MHB Linear Transformation of a Plane

[bwpbruce]

$\textbf{Problem}$
Let $\textbf{u}$ and $\textbf{v}$ be linearly independent vectors in $\mathbb{R}^3$, and let $P$ be the plane through $\textbf{u}, \textbf{v}$ and $\textbf{0}.$ The parametric equation of $P$ is $\textbf{x} = s\textbf{u} + \textbf{v}$ (with $s$, $t$ in $\mathbb{R}$). Show that a linear transformation $T: \mathbb{R}^3 \mapsto \mathbb{R}^3$ maps $P$ onto a plane through $\textbf{0}$ or onto a line through $\textbf{0}$ or onto just the origin $\mathbb{R}^3$. What must be true about $T\textbf{u}$

$\textbf{Solution}$

\begin{align*}T(\textbf{x}) &= T(s\textbf{u} + t\textbf{v}) \\&=T(s\textbf{u}) + T(t\textbf{u}) = sT\textbf{(u)} + tT\textbf{(v)}\end{align*}

\begin{align*}T(\textbf{0}) &= sT(\textbf{0}) + tT(\textbf{0})\\&=\textbf{0}\end{align*}

$T(\textbf{x})$ goes through the origin.

$T(\textbf{x})$ is a plane in $\mathbb{R}^3$ through $\textbf{0}$ in the case when $T(\textbf{(u)}) \ne tT(\textbf{(v)})$ and $T(\textbf{(v)} \ne sT\textbf{(u)}$.

$T(\textbf{x})$ is a line in $\mathbb{R}^3$ through $\textbf{0}$ in the case when $T(\textbf{(u)}) = tT(\textbf{(v)})$ or $T(\textbf{(v)} = sT\textbf{(u)}$

$T(\textbf{x})$ is a zero vector $\mathbb{R}^3$ in the case when $T(\textbf{u}) = T\textbf{v} = \textbf{0}$.

Can someone please provide feedback on this solution? Thanks.

 

[Evgeny.Makarov]

Show that a linear transformation $T: \mathbb{R}^3 \mapsto \mathbb{R}^3$ maps $P$ onto a plane through $\textbf{0}$ or onto a line through $\textbf{0}$ or onto just the origin $\mathbb{R}^3$. What must be true about $T\textbf{u}$

It may be a question of terminology, but I think that the phrase "A function $f$ maps a set $A$ onto a set $B$" means that $f$ is onto, i.e., a surjection. Thus, it is important to understand that you need to prove not only that that the image of every point from the original plane lies on the plain (or line, or point) generated by $0$, $T(\mathbf{u})$ and $T(\mathbf{v})$, but also that every point on the second plain is the image. I don't think you need to change your solution, but this should be kept in mind.

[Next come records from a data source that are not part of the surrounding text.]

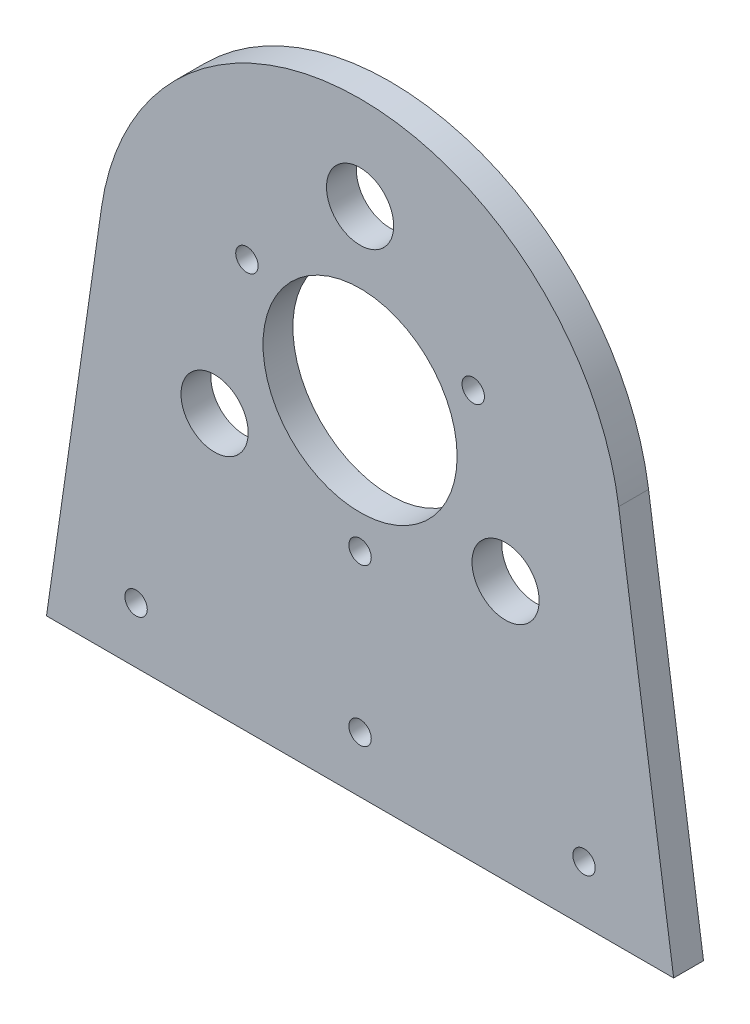
SolidWorks part; units mm, degrees
material "A-玻璃纤维"
ref_plane "前视基准面" through (0, 0, 0) normal (0, 0, 1) x (1, 0, 0)
ref_plane "上视基准面" through (0, 0, 0) normal (0, 1, 0) x (1, 0, 0)
ref_plane "右视基准面" through (0, 0, 0) normal (1, 0, 0) x (0, 0, -1)
sketch "草图1" plane through (0, 0, 0) normal (0, 0, 1) x (1, 0, 0)
  line L0 (0, 0) -> (0, -46) construction
  line L1 (0, -46) -> (42, -46)
  line L2 (0, -46) -> (-42, -46)
  line L3 (-42, -46) -> (-34.6412, 4.9985)
  line L4 (34.6412, 4.9985) -> (42, -46)
  circle A0 centre (0, 0) radius 35
  circle A1 centre (0, 0) radius 13
  point P8 (0, 0)
  dimension "D1" = 26
  dimension "D3" = 70
  dimension "D2" = 46
  dimension "D4" = 42
  dimension "D5" = 42
extrude "凸台-拉伸1" add sketch "草图1" along normal blind 4
sketch "草图2" plane through (0, 0, 4) normal (0, 0, 1) x (1, 0, 0)
  line L0 (0, 0) -> (0, 22.5) construction
  circle A0 centre (0, 22.5) radius 4.5
  circle A1 centre (19.4856, -11.25) radius 4.5
  circle A2 centre (-19.4856, -11.25) radius 4.5
  point P10 (0, 0)
  dimension "D2" = 9
  dimension "D1" = 22.5
  dimension "D3" = 3
extrude "切除-拉伸1" cut sketch "草图2" against normal through all
sketch "草图3" plane through (0, 0, 0) normal (0, 0, 1) x (1, 0, 0)
  line L0 (0, 0) -> (0, -17.5) construction
  line L1 (0, 0) -> (15.1554, 8.75) construction
  line L2 (0, 0) -> (-15.1554, 8.75) construction
  circle A0 centre (0, 0) radius 17.5 construction
  circle A1 centre (15.1554, 8.75) radius 1.5
  circle A2 centre (0, -17.5) radius 1.5
  circle A3 centre (-15.1554, 8.75) radius 1.5
  point P9 (0, 0)
  point P10 (0, 3.7607)
  dimension "D1" = 35
  dimension "D4" = 3
  dimension "D5" = 3
  dimension "D6" = 3
  dimension "D2" = 120
  dimension "D3" = 120
extrude "切除-拉伸5" cut sketch "草图3" along normal up to surface (4 mm away) up to face at (4.5, 22.5, 4)
sketch "草图4" plane through (0, 0, 4) normal (0, 0, 1) x (1, 0, 0)
  line L0 (0, -46) -> (0, 35) construction
  line L1 (42, -46) -> (-42, -46) construction
  arc A0 (34.6412, 4.9985) -> (-34.6412, 4.9985) centre (0, 0) ccw construction
  circle A1 centre (0, -38.5) radius 1.5
  circle A2 centre (-30, -38.5) radius 1.5
  circle A3 centre (30, -38.5) radius 1.5
  dimension "D1" = 3
  dimension "D2" = 7.5
  dimension "D3" = 30
extrude "切除-拉伸6" cut sketch "草图4" against normal through all

$T(\textbf{x})$ is a plane in $\mathbb{R}^3$ through $\textbf{0}$ in the case when $T(\textbf{(u)}) \ne tT(\textbf{(v)})$ and $T(\textbf{(v)} \ne sT\textbf{(u)}$.

This can be stated by saying that $T(\mathbf{u})$ and $T(\mathbf{v})$ are linearly independent.

$T(\textbf{x})$ is a line in $\mathbb{R}^3$ through $\textbf{0}$ in the case when $T(\textbf{(u)}) = tT(\textbf{(v)})$ or $T(\textbf{(v)} = sT\textbf{(u)}$

This does not prevent the case when both $T(\mathbf{u})$ and $T(\mathbf{v})$ are zero vectors.

Is there any significance in double parentheses?

 

[bwpbruce]

Is there any significance in double parentheses?

No, not really. I appreciate all your contributions.